Lamarr was born Hedwig Eva Maria Kiesler in 1914 in Vienna, the only child of Gertrud "Trude" Kiesler (née Lichtwitz) and Emil Kiesler.

Her father was born to a Galician-Jewish family in Lemberg in the Kingdom of Galicia and Lodomeria, part of Austria-Hungary (now Lviv in Ukraine) and was, in the 1920s, deputy director of Wiener Bankverein, and at the end of his life a director at the united Creditanstalt-Bankverein. Her mother, a pianist and a native of Budapest, in the Kingdom of Hungary, had come from an upper-class Hungarian-Jewish family. She had converted to Catholicism and was described as a "practicing Christian" who raised her daughter as a Christian, although Hedy was not baptized at the time.

As a child, Lamarr showed an interest in acting and was fascinated by theater and film. At the age of 12, she won a beauty contest in Vienna. She also began to learn about technological inventions with her father, who would take her out on walks, explaining how devices functioned.
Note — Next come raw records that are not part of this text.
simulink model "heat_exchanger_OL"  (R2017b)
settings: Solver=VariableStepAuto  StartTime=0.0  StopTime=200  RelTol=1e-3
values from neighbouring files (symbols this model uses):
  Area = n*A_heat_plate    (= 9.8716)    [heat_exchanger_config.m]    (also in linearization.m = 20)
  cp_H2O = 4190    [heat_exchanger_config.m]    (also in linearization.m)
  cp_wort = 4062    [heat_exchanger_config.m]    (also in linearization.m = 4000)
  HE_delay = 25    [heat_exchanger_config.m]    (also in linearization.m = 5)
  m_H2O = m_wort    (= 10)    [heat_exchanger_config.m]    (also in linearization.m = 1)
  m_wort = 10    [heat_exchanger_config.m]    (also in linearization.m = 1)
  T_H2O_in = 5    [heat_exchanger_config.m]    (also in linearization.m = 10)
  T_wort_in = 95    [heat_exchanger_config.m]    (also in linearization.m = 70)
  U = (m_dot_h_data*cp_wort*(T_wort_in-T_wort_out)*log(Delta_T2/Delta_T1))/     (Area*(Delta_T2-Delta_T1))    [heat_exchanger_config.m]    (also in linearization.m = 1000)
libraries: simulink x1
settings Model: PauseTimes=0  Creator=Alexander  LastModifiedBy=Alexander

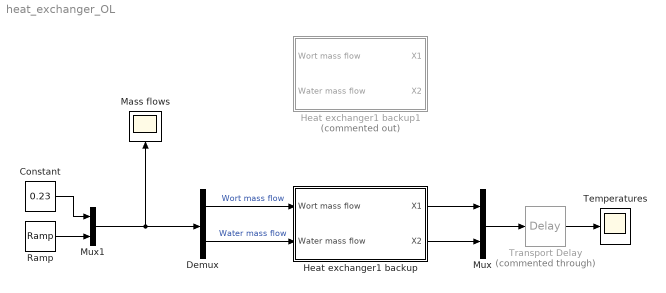
== system heat_exchanger_OL ==
  Constant : Constant  Value=0.23
  Demux : Demux  Outputs=2
  Heat exchanger1 backup : Subsystem
  Heat exchanger1 backup1 : Subsystem  Commented=on
  Mass flows : Scope
  Mux : Mux  Inputs=2
  Mux1 : Mux  Inputs=2
  Ramp : simulink/Sources/Ramp  slope=0.1  start=0  X0=0
  Temperatures : Scope
  Transport Delay : TransportDelay  Commented=through  DelayTime=HE_delay
  wires:
  Transport Delay/1 -> Temperatures/1
  Mux/1 -> Transport Delay/1
  Demux/1 -> Heat exchanger1 backup/1(Wort mass flow)  "Wort mass flow"
  Demux/2 -> Heat exchanger1 backup/2(Water mass flow)  "Water mass flow"
  Constant/1 -> Mux1/1
  Mux1/1 -> Mass flows/1, Demux/1
  Heat exchanger1 backup/1(X1) -> Mux/1
  Heat exchanger1 backup/2(X2) -> Mux/2
  Ramp/1 -> Mux1/2

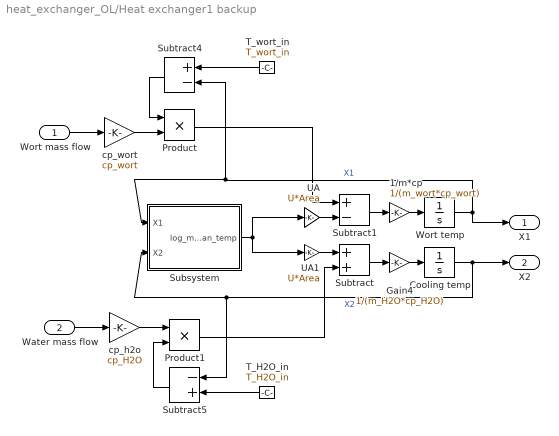
== system heat_exchanger_OL/Heat exchanger1 backup ==
  Wort mass flow : Inport
  Water mass flow : Inport  Port=2
  "1/m*cp " : Gain  Gain=1/(m_wort*cp_wort)
  Cooling temp : Integrator  InitialCondition=T_H2O_in-0.1
  Gain4 : Gain  Gain=1/(m_H2O*cp_H2O)
  Product : Product
  Product1 : Product
  Subsystem : Subsystem
  Subtract : Sum
  Subtract1 : Sum  Inputs=+-
  Subtract4 : Sum  Inputs=+-
  Subtract5 : Sum  Inputs=-+
  T_H2O_in : Constant  Value=T_H2O_in
  T_wort_in : Constant  Value=T_wort_in
  UA : Gain  Gain=U*Area
  "UA1 " : Gain  Gain=U*Area
  Wort temp : Integrator  InitialCondition=T_wort_in-0.1
  cp_h2o : Gain  Gain=cp_H2O
  cp_wort : Gain  Gain=cp_wort
  X1 : Outport
  X2 : Outport  Port=2
  wires:
  Cooling temp/1 -> X2/1, Subtract5/1, Subsystem/2(X2)  "X2"
  "1/m*cp "/1 -> Wort temp/1
  Wort temp/1 -> X1/1, Subsystem/1("X1 "), Subtract4/2  "X1"
  UA/1 -> Subtract1/2
  Subtract1/1 -> "1/m*cp "/1
  Gain4/1 -> Cooling temp/1
  "UA1 "/1 -> Subtract/1
  Subtract/1 -> Gain4/1
  T_wort_in/1 -> Subtract4/1
  Subtract5/1 -> Product1/2
  Product/1 -> Subtract1/1
  T_H2O_in/1 -> Subtract5/2
  Subtract4/1 -> Product/1
  Water mass flow/1 -> cp_h2o/1
  Wort mass flow/1 -> cp_wort/1
  Product1/1 -> Subtract/2
  cp_h2o/1 -> Product1/1
  cp_wort/1 -> Product/2
  Subsystem/1(log_mean_temp) -> UA/1, "UA1 "/1

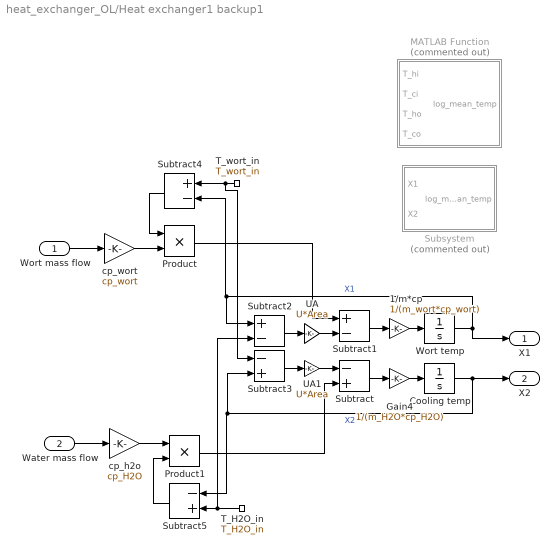
== system heat_exchanger_OL/Heat exchanger1 backup1 ==
  Wort mass flow : Inport
  Water mass flow : Inport  Port=2
  "1/m*cp " : Gain  Gain=1/(m_wort*cp_wort)
  Cooling temp : Integrator  InitialCondition=T_H2O_in-0.1
  Gain4 : Gain  Gain=1/(m_H2O*cp_H2O)
  MATLAB Function : MATLAB Function  Commented=on  TreatAsAtomicUnit=on
  Product : Product
  Product1 : Product
  Subsystem : Subsystem  Commented=on
  Subtract : Sum  Inputs=-+
  Subtract1 : Sum  Inputs=+-
  Subtract2 : Sum  Inputs=+-
  Subtract3 : Sum  Inputs=-+
  Subtract4 : Sum  Inputs=+-
  Subtract5 : Sum  Inputs=-+
  T_H2O_in : Constant  Value=T_H2O_in
  T_wort_in : Constant  Value=T_wort_in
  UA : Gain  Gain=U*Area
  "UA1 " : Gain  Gain=U*Area
  Wort temp : Integrator  InitialCondition=T_wort_in-0.1
  cp_h2o : Gain  Gain=cp_H2O
  cp_wort : Gain  Gain=cp_wort
  X1 : Outport
  X2 : Outport  Port=2
  wires:
  Cooling temp/1 -> X2/1, Subtract3/2, Subtract5/1  "X2"
  "1/m*cp "/1 -> Wort temp/1
  Wort temp/1 -> X1/1, Subtract2/1, Subtract4/2  "X1"
  UA/1 -> Subtract1/2
  Subtract1/1 -> "1/m*cp "/1
  Gain4/1 -> Cooling temp/1
  "UA1 "/1 -> Subtract/1
  Subtract2/1 -> UA/1
  Subtract3/1 -> "UA1 "/1
  Subtract/1 -> Gain4/1
  T_wort_in/1 -> Subtract3/1, Subtract4/1
  Subtract5/1 -> Product1/2
  Product/1 -> Subtract1/1
  T_H2O_in/1 -> Subtract2/2, Subtract5/2
  Subtract4/1 -> Product/1
  Water mass flow/1 -> cp_h2o/1
  Wort mass flow/1 -> cp_wort/1
  Product1/1 -> Subtract/2
  cp_h2o/1 -> Product1/1
  cp_wort/1 -> Product/2

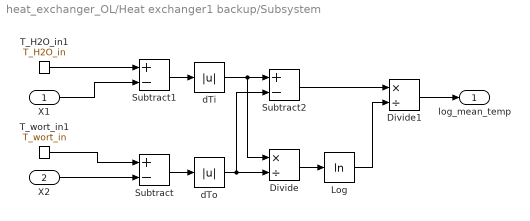
== system heat_exchanger_OL/Heat exchanger1 backup/Subsystem ==
  "X1 " : Inport
  X2 : Inport  Port=2
  Divide : Product  Inputs=*/
  Divide1 : Product  Inputs=*/
  Log : Math  Operator=log  SaturateOnIntegerOverflow=on
  Subtract : Sum  Inputs=+-
  Subtract1 : Sum  Inputs=+-
  Subtract2 : Sum  Inputs=+-
  T_H2O_in1 : Constant  Value=T_H2O_in
  T_wort_in1 : Constant  Value=T_wort_in
  dTi : Abs
  dTo : Abs
  log_mean_temp : Outport
  wires:
  Subtract/1 -> dTo/1
  T_wort_in1/1 -> Subtract/1
  X2/1 -> Subtract/2
  Subtract1/1 -> dTi/1
  "X1 "/1 -> Subtract1/2
  T_H2O_in1/1 -> Subtract1/1
  dTo/1 -> Subtract2/2, Divide/2
  dTi/1 -> Subtract2/1, Divide/1
  Divide/1 -> Log/1
  Log/1 -> Divide1/2
  Divide1/1 -> log_mean_temp/1
  Subtract2/1 -> Divide1/1

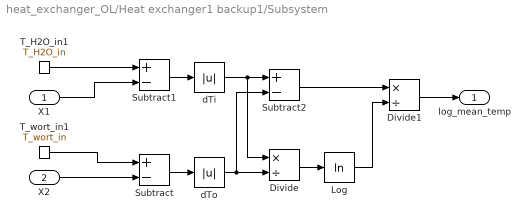
== system heat_exchanger_OL/Heat exchanger1 backup1/Subsystem ==
  "X1 " : Inport
  X2 : Inport  Port=2
  Divide : Product  Inputs=*/
  Divide1 : Product  Inputs=*/
  Log : Math  Operator=log  SaturateOnIntegerOverflow=on
  Subtract : Sum  Inputs=+-
  Subtract1 : Sum  Inputs=+-
  Subtract2 : Sum  Inputs=+-
  T_H2O_in1 : Constant  Value=T_H2O_in
  T_wort_in1 : Constant  Value=T_wort_in
  dTi : Abs
  dTo : Abs
  log_mean_temp : Outport
  wires:
  Subtract/1 -> dTo/1
  T_wort_in1/1 -> Subtract/1
  X2/1 -> Subtract/2
  Subtract1/1 -> dTi/1
  "X1 "/1 -> Subtract1/2
  T_H2O_in1/1 -> Subtract1/1
  dTo/1 -> Subtract2/2, Divide/2
  dTi/1 -> Subtract2/1, Divide/1
  Divide/1 -> Log/1
  Log/1 -> Divide1/2
  Divide1/1 -> log_mean_temp/1
  Subtract2/1 -> Divide1/1

== matlab function heat_exchanger_OL/Heat exchanger1 backup1/MATLAB Function ==
  data: T_hi input; log_mean_temp output; T_ci input; T_ho input; T_co input
function log_mean_temp = fcn(T_hi,T_ci,T_ho,T_co)

dTi=abs(T_hi-T_ci);
dTo=abs(T_ho-T_co);

log_mean_temp = (dTi-dTo)/log(dTi/dTo);

end

Lamarr was taking acting classes in Vienna when one day, she forged a note from her mother and went to Sascha-Film and was able to have herself hired as a script girl. While there, she had a role as an extra in the romantic comedy Money on the Street (1930), and then a small speaking part in the comedy Storm in a Water Glass (1931). Producer Max Reinhardt then cast her in a play entitled The Weaker Sex, which was performed at the Theater in der Josefstadt. Reinhardt was so impressed with her that he brought her with him back to Berlin.

However, she never actually trained with Reinhardt or appeared in any of his Berlin productions. Instead, she met the Russian theatre producer Alexis Granowsky, who cast her in his film directorial debut, The Trunks of Mr. O.F. (1931), starring Walter Abel and Peter Lorre. Granowsky soon moved to Paris, but Lamarr stayed in Berlin and was given the lead role in No Money Needed (1932), a comedy directed by Carl Boese. Lamarr then starred in the film which made her internationally famous.

In early 1933, at age 18, Lamarr was given the lead in Gustav Machatý's film Ecstasy (Ekstase in German, Extase in Czech). She played the neglected young wife of an indifferent older man.